For example, I think the twitterization of information has been bad in the
sense that it reduces information in it's deepness, I think part of the reason
for the success of twitter is that in the modern age we have more and more
things competing for our attention, and therefor less time to dedicate to
various pursuits. Twitter answered this problem by placing a hard limit on
characters... which reduced time needed to consume, but failed to provide
mechanisms that provided _good_ content, in favor of _short_ content.

The tldr being a better form that fills this niche, perhaps, would be the kind
of thing that would assist those of us who value content quality but still
don't want to spend too much time on something that is of unknown quality.
Medium did something interesting in this regard by giving readers time to read
estimates. They still lack quality indicators, as do most information outlets.
Some of my ideas for solutions would be machine ratings of strength of logic,
or argument-map generation. So I'm coming at the issue in a more abstract way.

All that said, and despite my original no, I will give my version of the tldr.

 _Loneliness is an issue that seems to disproportionately affect men, but it
shouldn 't be confused with social isolation. One can feel isolated and lonely
despite social connectedness. For the most part it boils down to a lack of
trust, and therefore intimacy in conversation and other actions which are
failing to meet emotional needs of men. While most indicators show that a
relationship such as marriage often meets the emotional needs through a
partner, they also show that once in a relationship where emotional needs are
met social isolation increases. Hope is not lost though, there are techniques
that can be used, such as reframing or CBT, to help lonely people get out of
that rut, and much of it will need to be not just singular but cultural.
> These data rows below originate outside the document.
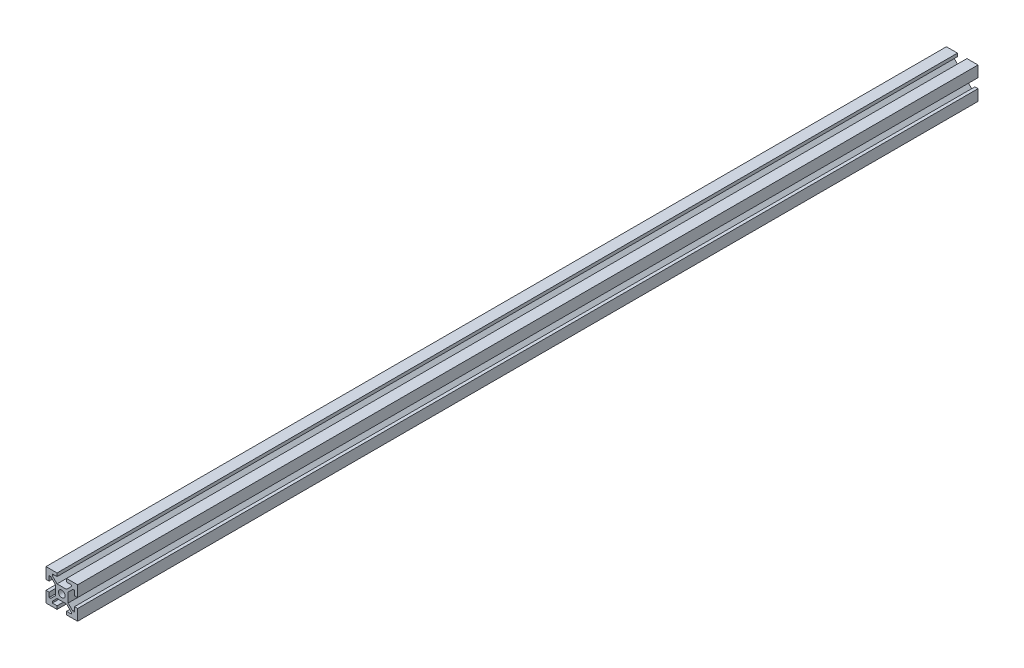
SolidWorks part; units mm, degrees
ref_plane "正面" through (0, 0, 0) normal (0, 0, 1) x (1, 0, 0)
ref_plane "平面" through (0, 0, 0) normal (0, 1, 0) x (1, 0, 0)
ref_plane "右側面" through (0, 0, 0) normal (1, 0, 0) x (0, 0, -1)
sketch "ｽｹｯﾁ2" plane through (0, 0, 0) normal (0, 0, 1) x (1, 0, 0)
  line L0 (0, 0) -> (0, 10) construction
  line L1 (-10, -10) -> (10, -10) construction
  line L2 (-10, -10) -> (-10, 10) construction
  line L3 (-10, 10) -> (10, 10) construction
  line L4 (10, -10) -> (10, 10) construction
  line L5 (-10, -10) -> (10, 10) construction
  line L6 (-10, 10) -> (10, -10) construction
  line L8 (3, 4) -> (-3, 4)
  line L9 (-6, 7) -> (6, 7) construction
  line L10 (-6, 8) -> (-6, 7)
  line L11 (6, 8) -> (6, 7)
  line L12 (-6, 7) -> (-3, 4)
  line L13 (3, 4) -> (6, 7)
  line L14 (-6, 8) -> (-3, 8)
  line L15 (-3, 8) -> (-3, 10)
  line L16 (-3, 10) -> (-10, 10)
  line L17 (6, 8) -> (3, 8)
  line L18 (3, 8) -> (3, 10)
  line L19 (3, 10) -> (10, 10)
  line L20 (7, 6) -> (4, 3)
  line L21 (4, -3) -> (4, 3)
  line L22 (4, -3) -> (7, -6)
  line L23 (8, -6) -> (8, -3)
  line L24 (8, -6) -> (7, -6)
  line L25 (8, -3) -> (10, -3)
  line L26 (10, -3) -> (10, -10)
  line L27 (8, 3) -> (10, 3)
  line L28 (10, 3) -> (10, 10)
  line L29 (8, 6) -> (8, 3)
  line L30 (8, 6) -> (7, 6)
  line L31 (6, -7) -> (3, -4)
  line L32 (-3, -4) -> (3, -4)
  line L33 (-3, -4) -> (-6, -7)
  line L34 (-6, -8) -> (-3, -8)
  line L35 (-6, -8) -> (-6, -7)
  line L36 (-3, -8) -> (-3, -10)
  line L37 (-3, -10) -> (-10, -10)
  line L38 (3, -8) -> (3, -10)
  line L39 (3, -10) -> (10, -10)
  line L40 (6, -8) -> (3, -8)
  line L41 (6, -8) -> (6, -7)
  line L42 (-7, -6) -> (-4, -3)
  line L43 (-4, 3) -> (-4, -3)
  line L44 (-4, 3) -> (-7, 6)
  line L45 (-8, 6) -> (-8, 3)
  line L46 (-8, 6) -> (-7, 6)
  line L47 (-8, 3) -> (-10, 3)
  line L48 (-10, 3) -> (-10, 10)
  line L49 (-8, -3) -> (-10, -3)
  line L50 (-10, -3) -> (-10, -10)
  line L51 (-8, -6) -> (-8, -3)
  line L52 (-8, -6) -> (-7, -6)
  circle A0 centre (0, 0) radius 2.1
  point P0 (0, 0)
  point P11 (0, 10)
  point P14 (0, 4)
  point P17 (0, 7)
  dimension "D8" = 4.2
  dimension "D1" = 20
  dimension "D2" = 6
  dimension "D3" = 2
  dimension "D4" = 4
  dimension "D5" = 12
  dimension "D6" = 6
  dimension "D7" = 4
extrude "ﾎﾞｽ - 押し出し1" add sketch "ｽｹｯﾁ2" along normal blind 570

If
you're lonely, just know you aren't the only one, and the situation can
improve, and knowing others often feel the same way despite hiding it (like
you hide yourself) is likely to be a threshold that can help you overcome the
fear needed to make the positive moves needed to progress._

Slightly off-topic, but I wonder how much the chilling-effect of the
surveillance society has increased this loneliness due to lack of trust
(perhaps of the medium and not of the person on the other end).

------
jnsaff2
We have a small group of men, mostly ex colleagues from different IT contracts
that kind of acts as like a support group doing simple things like going to a
driving range or bouldering or beers in London.

Drop me a line if you'd like to join sometime.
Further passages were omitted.